Baars [6] and Haboubi [37] reported that the level of satisfaction of patients with lower-limb amputations was negatively associated with the level of amputation. However, Pezzin et al. [38] found that satisfaction was associated with gender, race, and level of education, but not with the level or indication of amputation. Several studies [6] [33] [38] [39] have focused on certain characteristics of the prosthesis itself (fitting, quality of prosthesis components, weight, ease of use, etc.), as well as the psychological profile [5] [40] , for a good level of satisfaction.
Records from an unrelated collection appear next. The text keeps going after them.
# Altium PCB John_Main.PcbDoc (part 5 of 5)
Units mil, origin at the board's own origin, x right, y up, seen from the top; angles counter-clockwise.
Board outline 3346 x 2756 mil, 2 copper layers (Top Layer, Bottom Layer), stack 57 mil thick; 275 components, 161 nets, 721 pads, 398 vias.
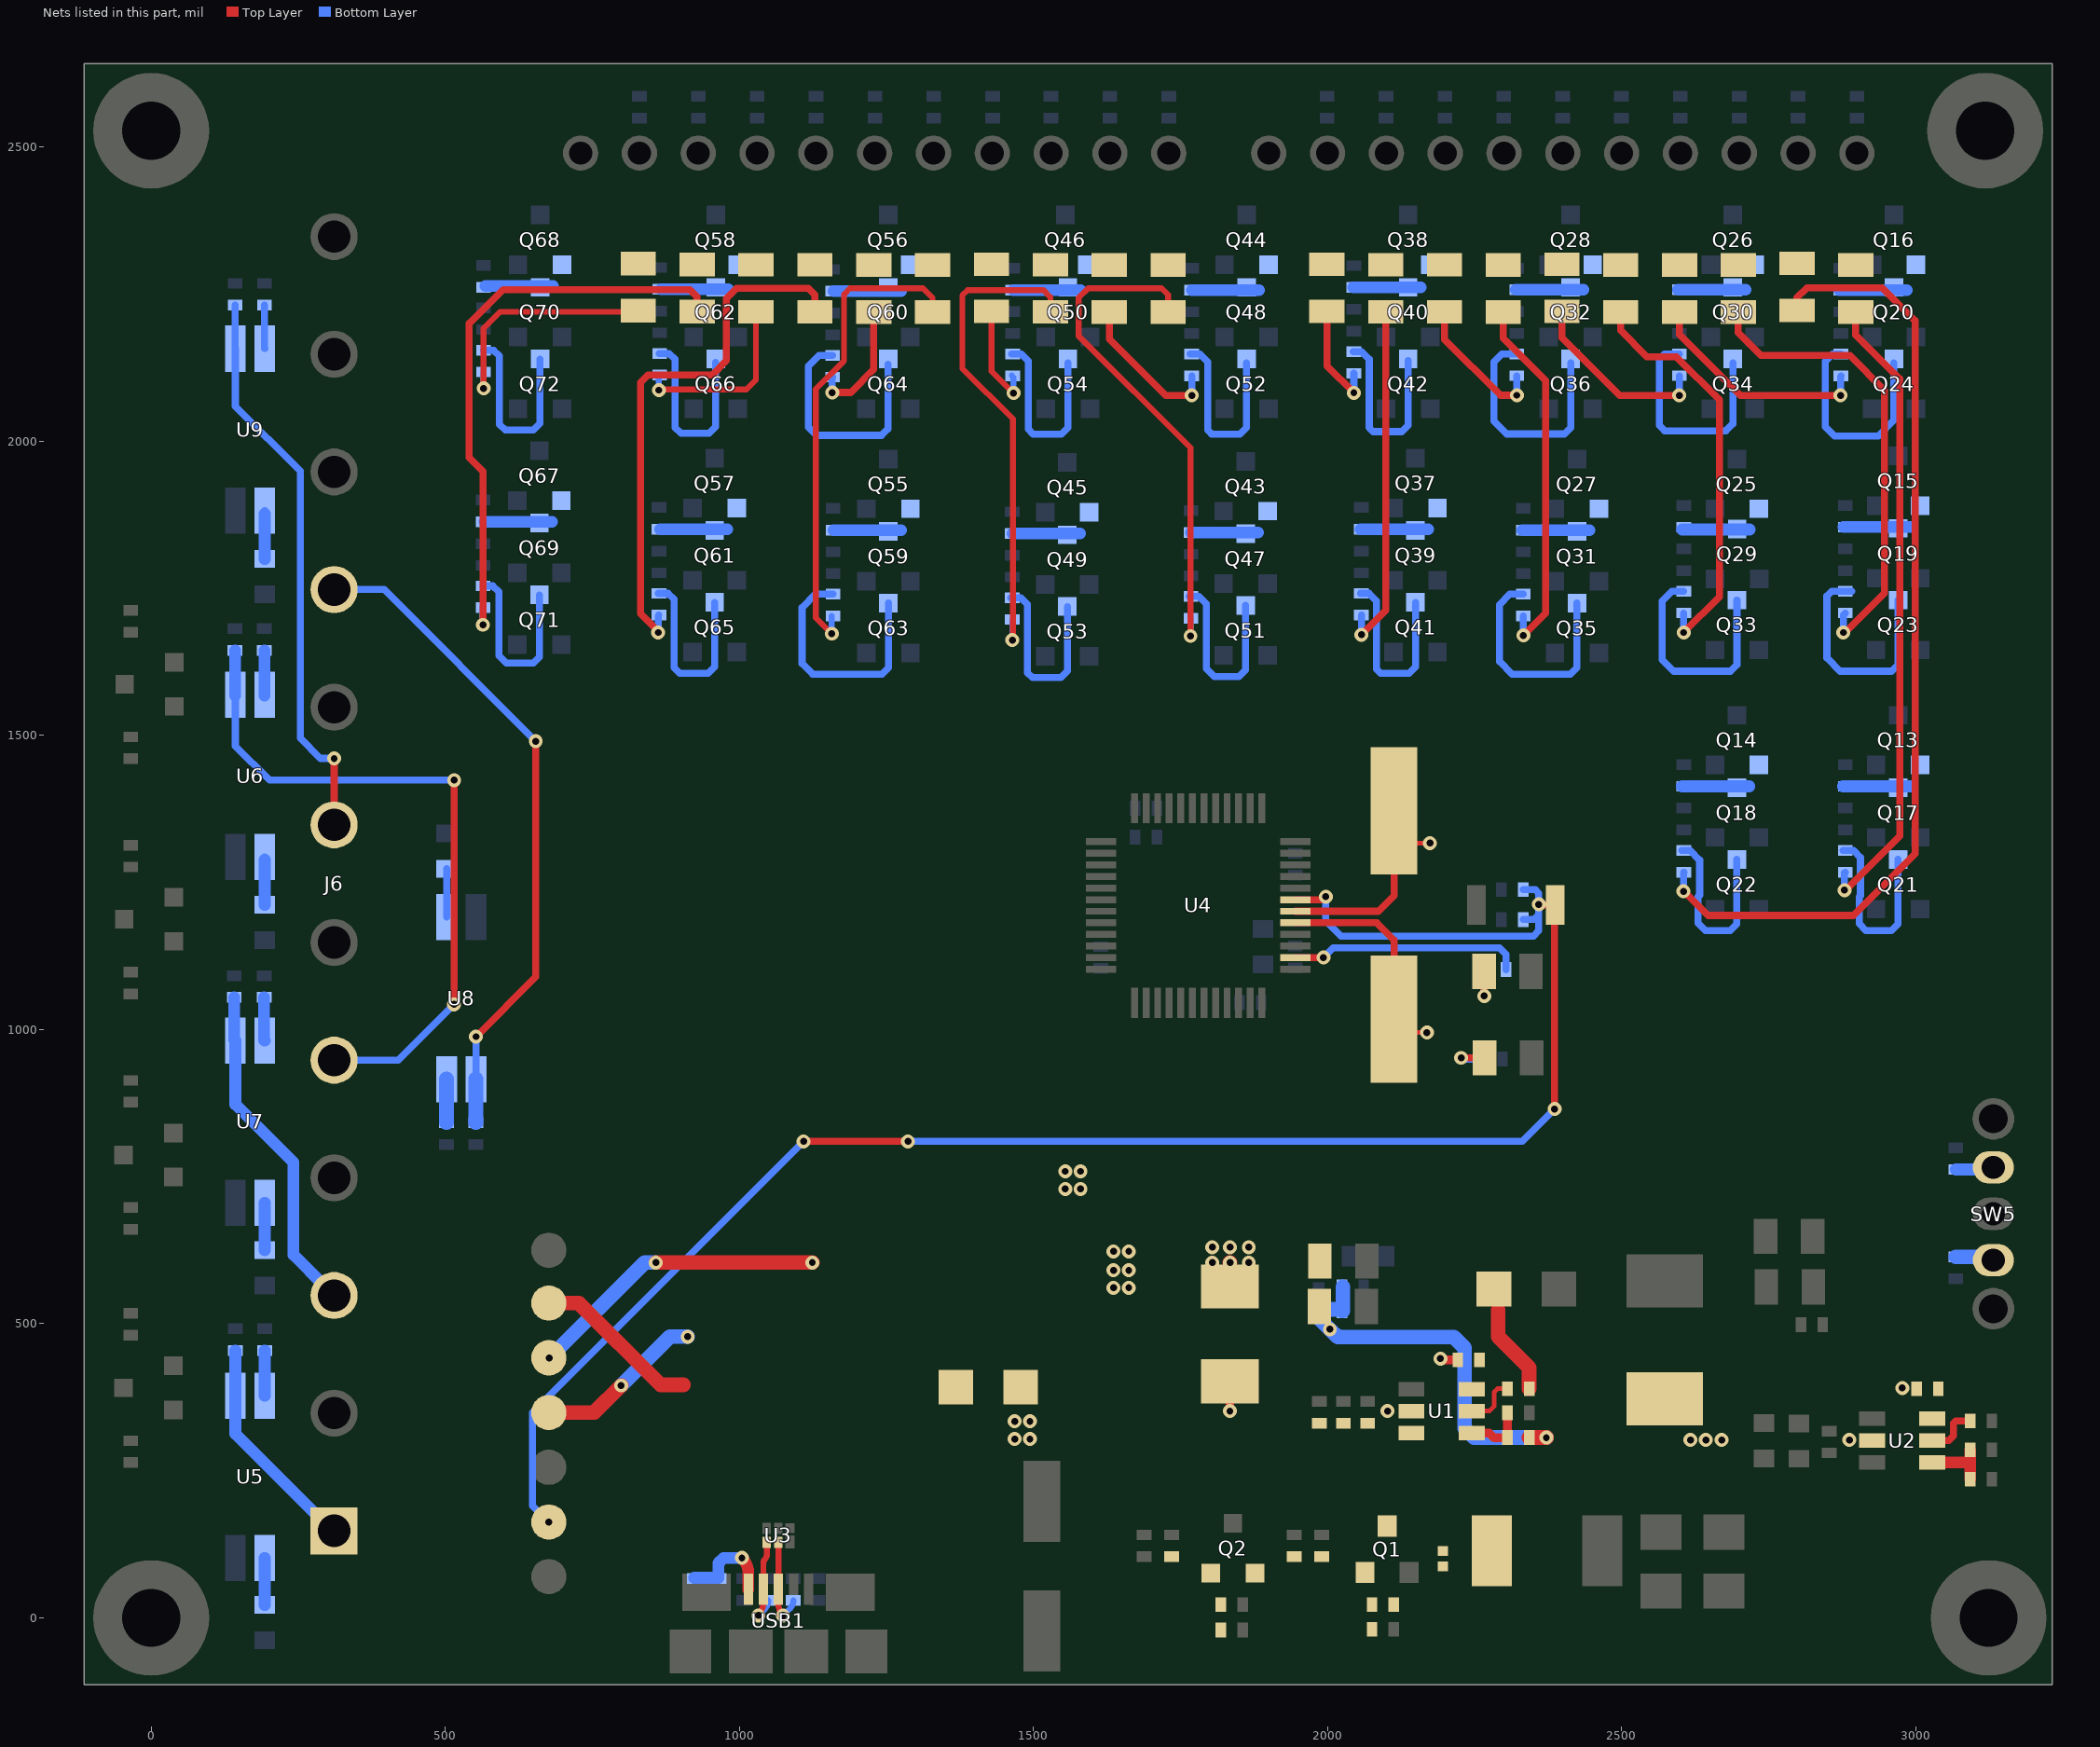
[diagram p3: the nets of this part, all layers, seen from the top]

## Via types
v1: diameter 23.62, hole 11.81, Top Layer to Bottom Layer, tented both sides, 233 vias
v2: diameter 23.62, hole 15.75, Top Layer to Bottom Layer, tented both sides, 165 vias

## Nets (pads, with @x,y where several pads share a name; then routed paths per layer and width w, separated by ;. In a path a pad name is that pad's centre, name@x,y a point inside that pad or via, vN(x,y) a via of type N, cw(c..) or ccw(c..) an arc to the next point about the centre after c; other vN are vias at no path point) (continued)
MCU_5V: C1.1 C10.1 CF1.1 D1.K D2.K J4.1 R1.2 U1.3 | length 670.5
  Top Layer w25: v1(858,604) v1(1124,604) ; 2290,524 2290,478 2342.81,425.19 R1.2@2342.81,389.5
  Bottom Layer w25: v1(677,442) 839,604 v1(858,604)
  other v1: 1468,304 1494,304 1468,334 1494,334
NetC2_1: C2.1 U1.6
NetC13_1: C13.1 Q1.1 Q2.2 R7.2 R8.2 R9.1
NetC14_1: C14.1 R8.1
NetC14_2: C14.2 F1.1 Q1.3
NetC17_2: C17.2 Q2.1 R6.2 R10.2
NetCF5_1: CF5.1 U2.6
NetLED1_1: LED1.1 R3.1 | length 75.5
  Top Layer w12: v1(2227,952) LED1.1@2267,952
  Bottom Layer w12: v1(2227,952) 2227,950 R3.1@2260.5,950
NetLED2_1: LED2.1 R58.2 | length 91.2
  Top Layer w12: LED2.1@2266,1103 2266.5,1102.5 v1(2266.5,1057)
  Bottom Layer w12: v1(2266.5,1057) R58.2@2266.5,1102
NetLED3_2: LED3.2 R67.1 | length 1086.2
  Top Layer w12: v1(2879,1237) 2881,1237 2973,1329 2973,2106 2898,2181 LED3.2@2898,2219.69 LED3.2@2898,2221
  Bottom Layer w12: v1(2879,1237) 2879,1266.18 R67.1@2880.32,1267.5
NetLED4_2: LED4.2 R68.1 | length 1647.8
  Top Layer w12: v1(2605,1235) 2606,1235 2647,1194 2893.94,1194 2999,1299.06 2999,2205.06 2943.06,2261 2815,2261 2798.11,2244.11 LED4.2@2798.11,2222.65 LED4.2@2798.11,2221
  Bottom Layer w12: v1(2605,1235) 2605,1266.07 2606,1267.07 R68.1@2605.58,1267.5
NetLED5_2: LED5.2 R69.1 | length 803
  Top Layer w12: LED5.2@2698.22,2221 LED5.2@2698.22,2219.65 2698.22,2184.78 2737,2146 2888,2146 2947,2087 2947,1741.68 2880.32,1675 v1(2877,1675)
  Bottom Layer w12: v1(2877,1675) 2877,1704.86 R69.1@2880.32,1708.18
NetLED6_2: LED6.2 R70.1 | length 389.5
  Top Layer w12: LED6.2@2598.33,2221 2598.33,2181.67 2702,2078 v1(2872,2078)
  Bottom Layer w12: v1(2872,2078) 2872,2110.23 R70.1@2872.95,2111.18
NetLED7_2: LED7.2 R79.1 | length 706.3
  Top Layer w12: LED7.2@2498.44,2221 2498.44,2188.56 2543,2144 2593,2144 2666,2071 2666,1735.42 v1(2605.58,1675) v1@2609,1675
  Bottom Layer w12: v1(2605.58,1675) R79.1@2605.58,1708.18
NetLED8_2: LED8.2 R80.1 | length 318.2
  Top Layer w12: LED8.2@2398.56,2221 2398.56,2176.44 2496.9,2078.1 v1(2598,2078.1)
  Bottom Layer w12: v1(2598,2078.1) 2598,2111.28 R80.1@2598.21,2111.5
NetLED9_2: LED9.2 R81.1 | length 629.9
  Top Layer w12: LED9.2@2298.67,2221 2298.67,2175.33 2371,2103 2371,1708.17 v1(2332.83,1670)
  Bottom Layer w12: v1(2332.83,1670) R81.1@2332.83,1703.18
NetLED10_2: LED10.2 R82.1 | length 243.3
  Top Layer w12: LED10.2@2198.78,2221 LED10.2@2198.78,2220.15 2198.78,2173.22 2293.68,2078.32 v1(2321.82,2078.32)
  Bottom Layer w12: v1(2321.82,2078.32) R82.1@2321.82,2111.5
NetLED11_2: LED11.2 R87.1 | length 600
  Top Layer w12: v1(2057.55,1671.32) 2098.89,1712.66 LED11.2@2098.89,2221
  Bottom Layer w12: v1(2057.55,1671.32) R87.1@2057.55,1704.5
NetLED12_2: LED12.2 R88.1 | length 190.8
  Top Layer w12: LED12.2@1999,2221 1999,2128.04 v1(2044.72,2082.32)
  Bottom Layer w12: v1(2044.72,2082.32) R88.1@2044.72,2115.5
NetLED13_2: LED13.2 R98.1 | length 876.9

Consequently, satisfaction with prostheses is a multifactorial issue that depends on the patient himself and the characteristics of the fitting.
5. Study Limitations
Some limitations should be acknowledged. First, we opted for a monocentric study because of the difficulty of following patients from many centers prospectively.
Secondly because of the small size of our population. We could not follow up with more patients, as many were waiting to be fitted, or could not complete their follow-up during the study period.
6. Conclusion
QOL among lower limb amputees seems to be significantly associated with various factors, including age, amputation level, indication for amputation, time elapsed between amputation and prosthesis fitting, pain levels and functional outcomes. Additionally, a significant connection was identified between satisfaction with the prosthesis and specific socio-demographic characteristics (such as age, socio-economic status, presence of medical history, and urban residence), clinical factors (amputation level, indication, and pain intensity), functional progress, and QOL.
Our study has shown that the acquisition of prostheses is a determining factor in improving lower limb amputees’ quality of life and satisfaction. It is important to carry out other studies, particularly multicenter studies on larger samples, to better identify the associated factors and to improve the quality of care for this type of patient.